At about the 4 month point, my daughter discovered that Jiva barked whenever we blew on her ear. So it was very easy... blow on ear, she barked, we said speak and marked the behavior. She learned the word speak very quickly. And she will "air bark" when we hush her to the command quiet bark.


----------



## Lilie (Feb 3, 2010)

cshepherd9 said:


> I used Willow's "I want to go outside" bark as the training key. When she was young it was the only thing that she would bark for so when she went to the door and barked I would stand there with a treat and when she barked I would say "Talk to me" (my command) and gave her a treat. It really only took about 2-3 times of doing this before she caught on.


 
We used basically the same thing. Hondo has marked reactions to various stimulus. When I get up and put on my coat, he gets really excited. At that time I say, "Tell me!" and I make a sign with my hand that looks like a duck quacking. I keep asking him to "Tell Me!" and he would make a whinny noise. With any noise I reward. Now, I can ask him anything.." Should Daddy order a pizza?" and make the hand signal and he'll bark. Mostly though at this point it's a woof sound.

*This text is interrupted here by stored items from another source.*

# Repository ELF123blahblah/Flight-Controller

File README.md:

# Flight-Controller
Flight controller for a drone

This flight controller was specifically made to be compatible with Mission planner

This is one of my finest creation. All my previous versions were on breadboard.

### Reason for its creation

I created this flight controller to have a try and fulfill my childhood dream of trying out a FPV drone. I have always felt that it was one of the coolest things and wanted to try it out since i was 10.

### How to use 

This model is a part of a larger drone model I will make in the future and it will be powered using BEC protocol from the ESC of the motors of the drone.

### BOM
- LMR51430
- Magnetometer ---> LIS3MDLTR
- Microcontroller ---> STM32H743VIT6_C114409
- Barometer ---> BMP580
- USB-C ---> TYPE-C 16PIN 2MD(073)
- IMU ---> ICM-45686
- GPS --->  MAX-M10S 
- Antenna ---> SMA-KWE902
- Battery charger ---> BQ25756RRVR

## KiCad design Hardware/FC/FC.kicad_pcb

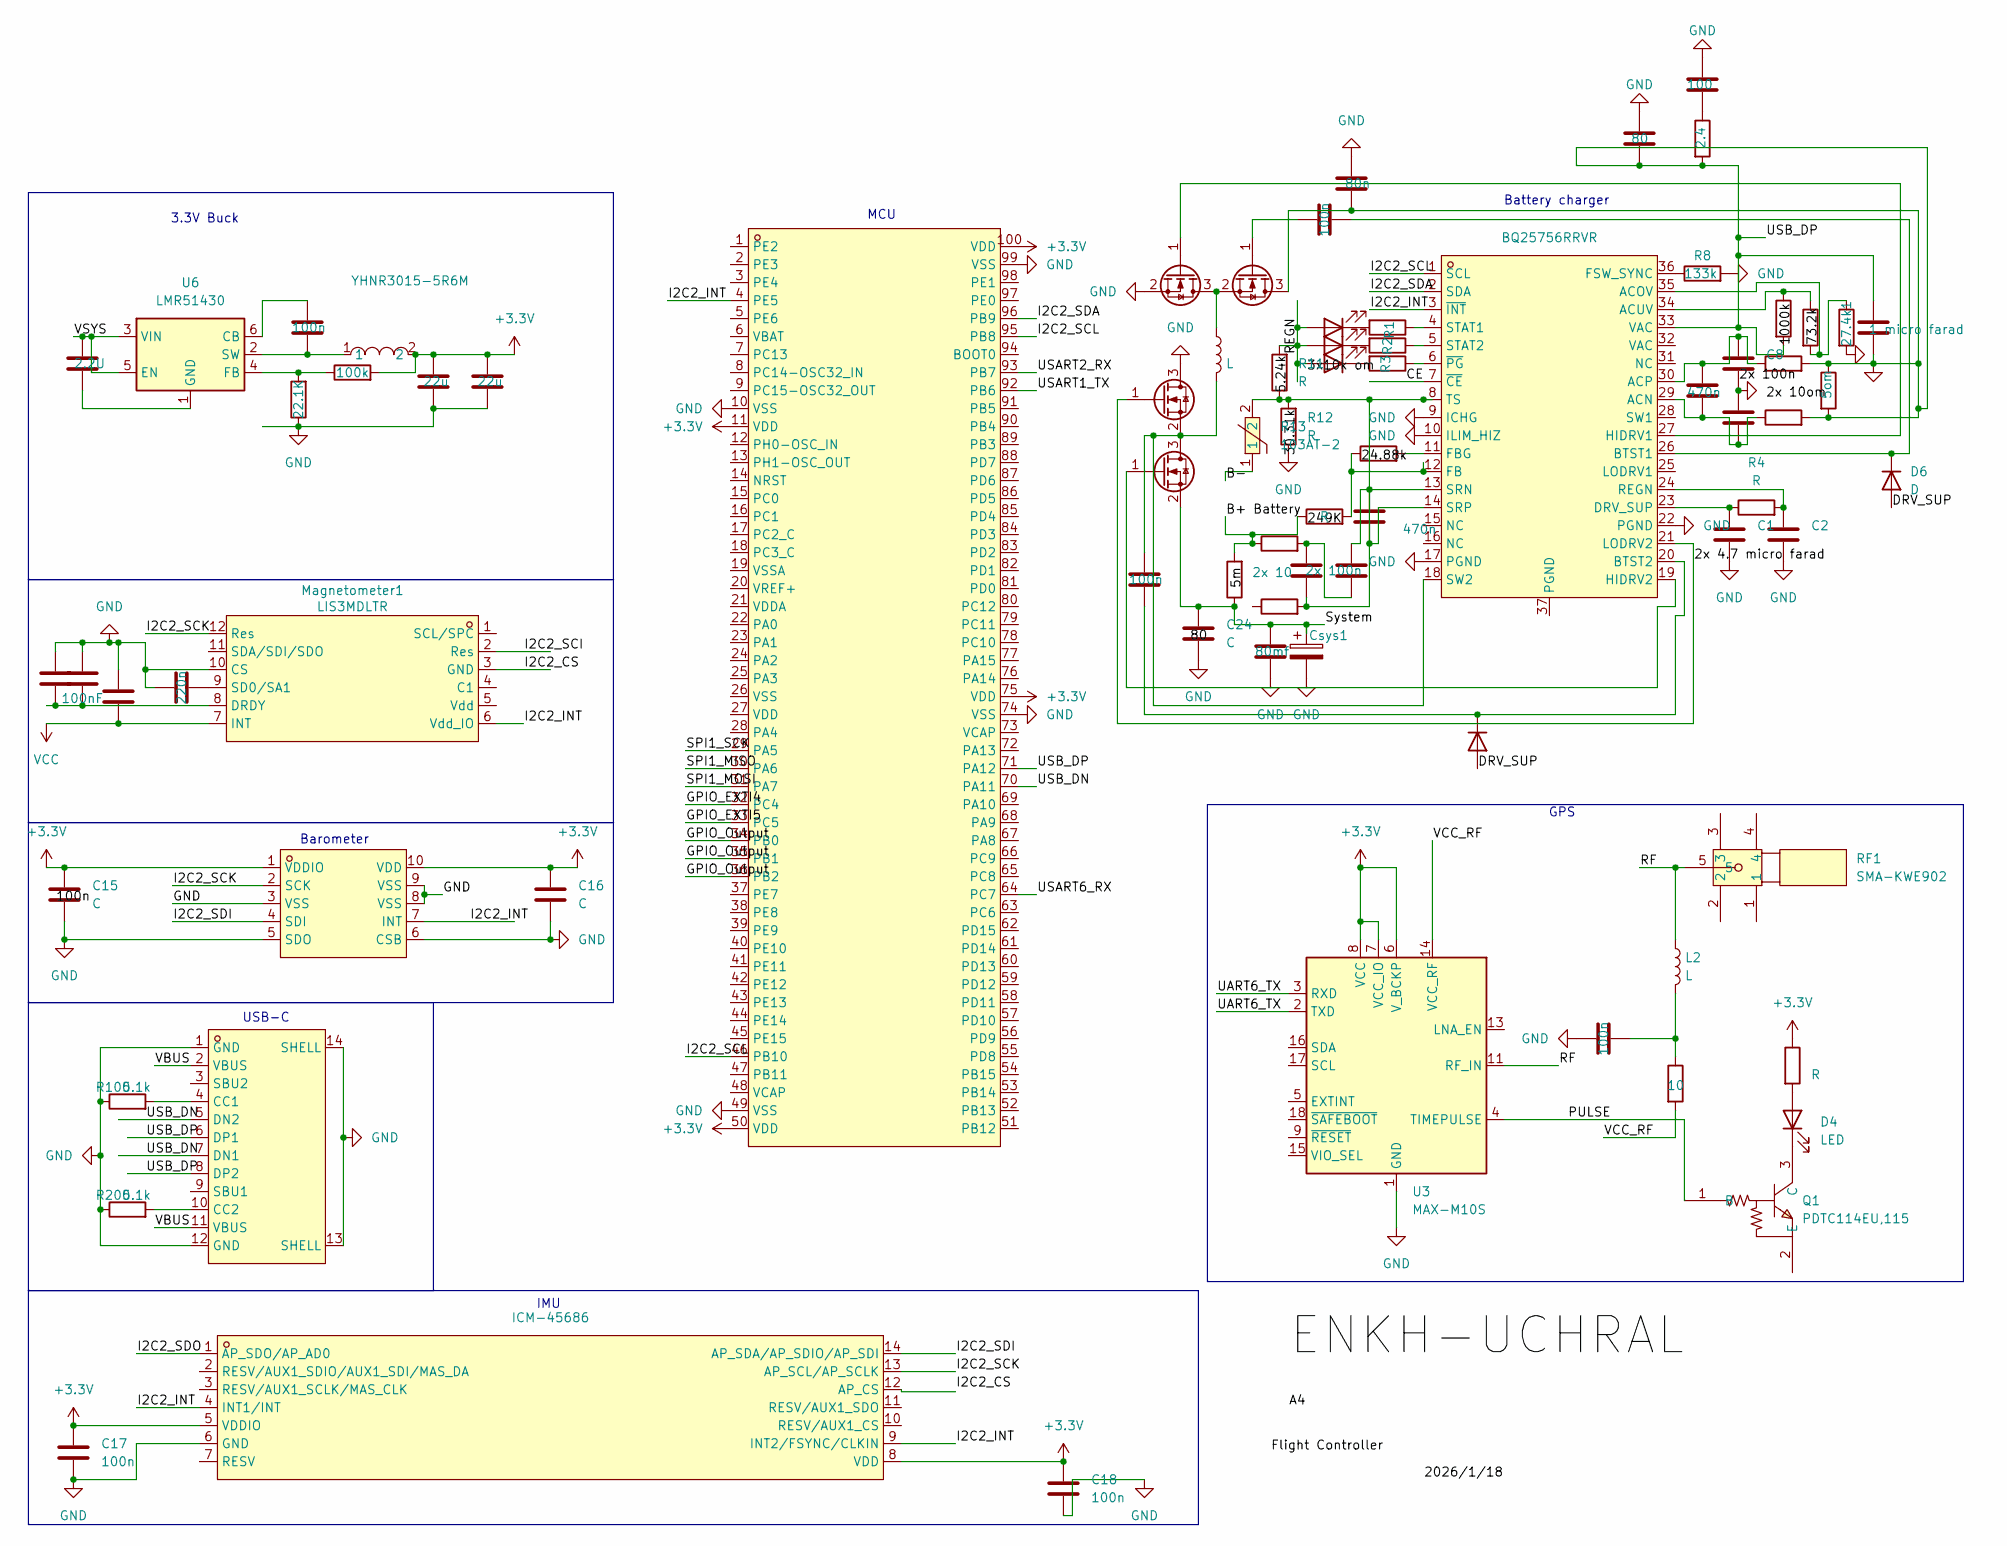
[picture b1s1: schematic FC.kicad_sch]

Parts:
2.4: R; R_0402_1005Metric
27.4k1: 1 micro farad; C_0402_1005Metric
C1, C2, C8, C11, C15, C16, C20, C21, C24: C; C_0402_1005Metric
C3: 100; C_0402_1005Metric
C4, C5, C9: 470n; C_0402_1005Metric
C6: 2x 100n; C_0402_1005Metric
C7: 80mf; C_0402_1005Metric
C10: 2.2U; C_0402_1005Metric
C12, C17, C18, C23, C25, C26: 100n; C_0402_1005Metric
C13, C14: 22u; C_0402_1005Metric
C19: 220n; C_0402_1005Metric
C22: 100nF; C_0402_1005Metric
C27: 80n; C_0402_1005Metric
C28: 80; C_0402_1005Metric
Csys1: C_Polarized; C_0402_1005Metric
D1, D2, D3, D4: LED; LED_0402_1005Metric
D5: 1N4148WT; D_SOD-523
D6: D; LED_0402_1005Metric
L1: YHNR3015-5R6M; IND-SMD_L3.0-W3.0; LCSC Part C18236327
L2, L3: L; IND-SMD_L3.0-W3.0
Magnetometer1: LIS3MDLTR; LGA-16_L3.0-W3.0-P0.50-BL; LCSC Part C478483
Q1: PDTC114EU,115; SOT-323-3_L2.0-W1.3-P1.30-LS2.1-BR; LCSC Part C135830
Q2, Q3, Q4, Q5: Q_NMOS_GSD; SOT-323-3_L2.0-W1.3-P1.30-LS2.1-BR
R1, R2, R3, R4, R9, R10, R11, R12, R14, R16, R17, R18, R22: R; R_0201_0603Metric
R5: 1000k om; R_0201_0603Metric
R6, R7: 27.4k om; R_0201_0603Metric
R8: 133k; R_0201_0603Metric
R13: 103AT-2; R_0201_0603Metric; LCSC Part C5346323
R15: 2x 10; R_0201_0603Metric
R19: 5om; R_0201_0603Metric
R20: 100k; R_0201_0603Metric
R21: 22.1K; R_0201_0603Metric
R23: 10; R_0201_0603Metric
R100, R200: 5.1k; R_0201_0603Metric
RF1: SMA-KWE902; SMA-TH_SMA-KWE902; LCSC Part C914554
U1: STM32H743VIT6_C114409; LQFP-100_L14.0-W14.0-P0.50-LS16.0-BL; LCSC Part C114409
U2: ICM-45686; LGA-14_L3.0-W2.5-P0.50-TL; LCSC Part C22459454
U3: MAX-M10S; ublox_MAX
U4: BMP580; LGA-10_L2.0-W2.0-P0.50-TL_BMP580; LCSC Part C22391138
U5: BQ25756RRVR; TQFN-36_L6.0-W5.0-P0.50-BL-EP-1; LCSC Part C19272232
U6: LMR51430; SOT-23-6
USB1: TYPE-C 16PIN 2MD(073); USB-C-SMD_TYPE-C-6PIN-2MD-073; LCSC Part C2765186

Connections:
73.2k om: 2.4.2, 27.4k1.1, 27.4k1.2, C27.1, C28.2, Q5.3 (D), R5.2, R17.2, R18.2, R19.1, R19.2, U1.71 (PA12), U5.33 (VAC), USB1.6 (DP1), USB1.8 (DP2)
+3.3V: C13.1, C14.1, C15.1, C16.1, C17.1, C18.2, L1.2, R20.2, R22.1, U1.11 (VDD), U1.50 (VDD), U1.75 (VDD), U1.100 (VDD), U2.5 (VDDIO), U2.8 (VDD), U3.6 (V_BCKP), U3.7 (VCC_IO), U3.8 (VCC), U4.1 (VDDIO), U4.10 (VDD)
/2x 4.7 micro farad: Q3.1 (G), U5.21 (LODRV2)
/73.2k: R6.2, R7.1, U5.35 (ACOV)
/B+: R10.1, R14.1, R16.2
/B-: R13.1
/CE: U5.7 (~CE)
/DRV_SUP: D5.2 (A), D6.2 (A)
/GPIO_EXTI4: U1.32 (PC4)
/GPIO_EXTI5: U1.33 (PC5)
/GPIO_Output: U1.34 (PB0), U1.35 (PB1), U1.36 (PB2)
/I2C2_CS: Magnetometer1.3 (GND)
/I2C2_INT: Magnetometer1.6 (Vdd_IO), U1.4 (PE5), U2.4 (INT1/INT), U2.9 (INT2/FSYNC/CLKIN), U4.7 (INT), U5.3 (~INT)
/I2C2_SCI: Magnetometer1.2 (Res)
/I2C2_SCK: Magnetometer1.12 (Res), U2.13 (AP_SCL/AP_SCLK), U4.2 (SCK)
/I2C2_SCL: U1.46 (PB10), U1.95 (PB8), U5.1 (SCL)
/I2C2_SDA: U1.96 (PB9), U5.2 (SDA)
/I2C2_SDI: U2.14 (AP_SDA/AP_SDIO/AP_SDI), U4.4 (SDI)
/I2C2_SDO: U2.1 (AP_SDO/AP_AD0)
/PULSE: Q1.1 (B), U3.4 (TIMEPULSE)
/REGN: D1.2 (A), D2.2 (A), D3.2 (A), R11.2
/RF: L2.1, RF1.5, U3.11 (RF_IN)
/SPI1_MISO: U1.30 (PA6)
/SPI1_MOSI: U1.31 (PA7)
/SPI1_SCK: U1.29 (PA5)
/System: C7.1, C24.1, Csys1.1, Q2.2 (S), R16.1
/UART6_TX: U3.2 (TXD), U3.3 (RXD)
/USART1_TX: U1.92 (PB6)
/USART2_RX: U1.93 (PB7)
/USART6_RX: U1.64 (PC7)
/USB_DN: U1.70 (PA11), USB1.5 (DN2), USB1.7 (DN1)
/VBUS: USB1.2 (VBUS), USB1.11 (VBUS)
/VCC_RF: R23.2, U3.14 (VCC_RF)
/VSYS: C10.1, U6.3 (VIN), U6.5 (EN)
GND: C1.2, C2.2, C3.1, C7.2, C8.2, C11.1, C13.2, C14.2, C15.2, C16.2, C17.2, C18.1, C19.1, C20.1, C21.1, C22.1, C23.1, C24.2, C27.2, C28.1, Csys1.2, Magnetometer1.10 (CS), Q3.3 (D), Q4.2 (S), R7.2, R8.2, R12.1, R21.1, R100.1, R200.1, U1.10 (VSS), U1.49 (VSS), U1.74 (VSS), U1.99 (VSS), U2.6 (GND), U3.1 (GND), U3.10 (GND), U3.12 (GND), U4.3 (VSS), U4.5 (SDO), U4.6 (CSB), U4.8 (VSS), U4.9 (VSS), U5.9 (ICHG), U5.10 (ILIM_HIZ), U5.17 (PGND), U5.22 (PGND), USB1.1 (GND), USB1.12 (GND), USB1.13 (SHELL), USB1.14 (SHELL)
unnamed: 2.4.1, C3.2
unnamed: C5.2, C6.1, R14.2
unnamed: C23.2, L2.2, R23.1
unnamed: D1.1 (K), R3.2
unnamed: D2.1 (K), R2.2
unnamed: D3.1 (K), R1.2
unnamed: D4.2 (A), R22.2
unnamed: D4.1 (K), Q1.3 (C)
unnamed: C25.2, D5.1 (K), U5.20 (BTST2)
unnamed: C26.2, D6.1 (K), U5.26 (BTST1)
unnamed: C21.2, C22.2, Magnetometer1.8 (DRDY)
unnamed: C19.2, Magnetometer1.9 (SD0/SA1)
unnamed: C25.1, L3.2, Q2.3 (D), Q3.2 (S), U5.18 (SW2)
unnamed: Q2.1 (G), U5.19 (HIDRV2)
unnamed: L3.1, Q4.3 (D), Q5.2 (S)
unnamed: Q4.1 (G), U5.27 (HIDRV1)
unnamed: C26.1, Q5.1 (G)
unnamed: C9.2, C11.2, R17.1, U5.29 (ACN)
unnamed: C8.1, C9.1, R18.1, U5.30 (ACP)
unnamed: R5.1, R6.1, U5.34 (ACUV)
unnamed: C1.1, R4.1, U5.23 (DRV_SUP)
unnamed: R9.1, R10.2, U5.12 (FB)
unnamed: R9.2, U5.11 (FBG)
unnamed: R8.1, U5.36 (FSW_SYNC)
unnamed: C2.1, R4.2, U5.24 (REGN)
unnamed: C4.1, C4.2, C5.1, C6.2, R11.1, R12.2, R13.2, R15.2, U5.8 (TS), U5.13 (SRN), U5.14 (SRP)
unnamed: R1.1, U5.4 (STAT1)
unnamed: R2.1, U5.5 (STAT2)
unnamed: R3.1, U5.6 (~PG)
unnamed: C12.1, U6.6 (CB)
unnamed: R20.1, R21.2, U6.4 (FB)
unnamed: C10.2, U6.1 (GND)
unnamed: C12.2, L1.1, U6.2 (SW)
unnamed: R100.2, USB1.4 (CC1)
unnamed: R200.2, USB1.10 (CC2)
VCC: C20.2, Magnetometer1.7 (INT)

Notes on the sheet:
Barometer
IMU
Battery charger
MCU
3.3V Buck
USB-C
GPS

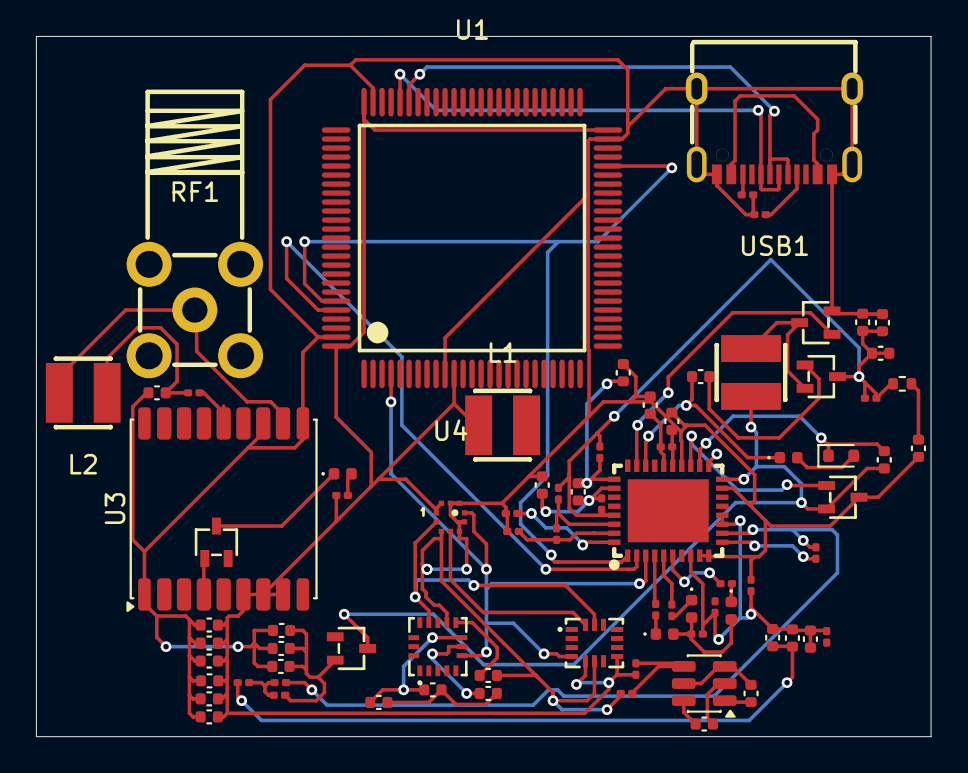
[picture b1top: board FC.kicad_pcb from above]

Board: 2 copper layers, 49.7 x 38.9 mm, 79 parts (0 on the bottom side), 58 nets.

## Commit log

2026-02-23 Clean up README.md formatting
    Removed extra blank lines and improved formatting.
2026-02-24 Inputing all the files
2026-03-20 hopefully final commit

I would caution to this as hubby would get him so excited Hondo started to incorporate jumping on him along with the whinny noise. So if you find this meathod works for you, watch out for that.


----------



## pfitzpa1 (Apr 26, 2011)

doggiedad said:


> i taught my last GSD to bark. i would have my dog sit.
> i sit in front of him (face to face). while holding a treat
> i would bark and i would say "bark" to my dog. once he
> barked i would treat him. i did this over and over untill he barked.


This worked a treat for me and Maggie. Thanks!

Video at http://youtu.be/TWImNWcndyw


----------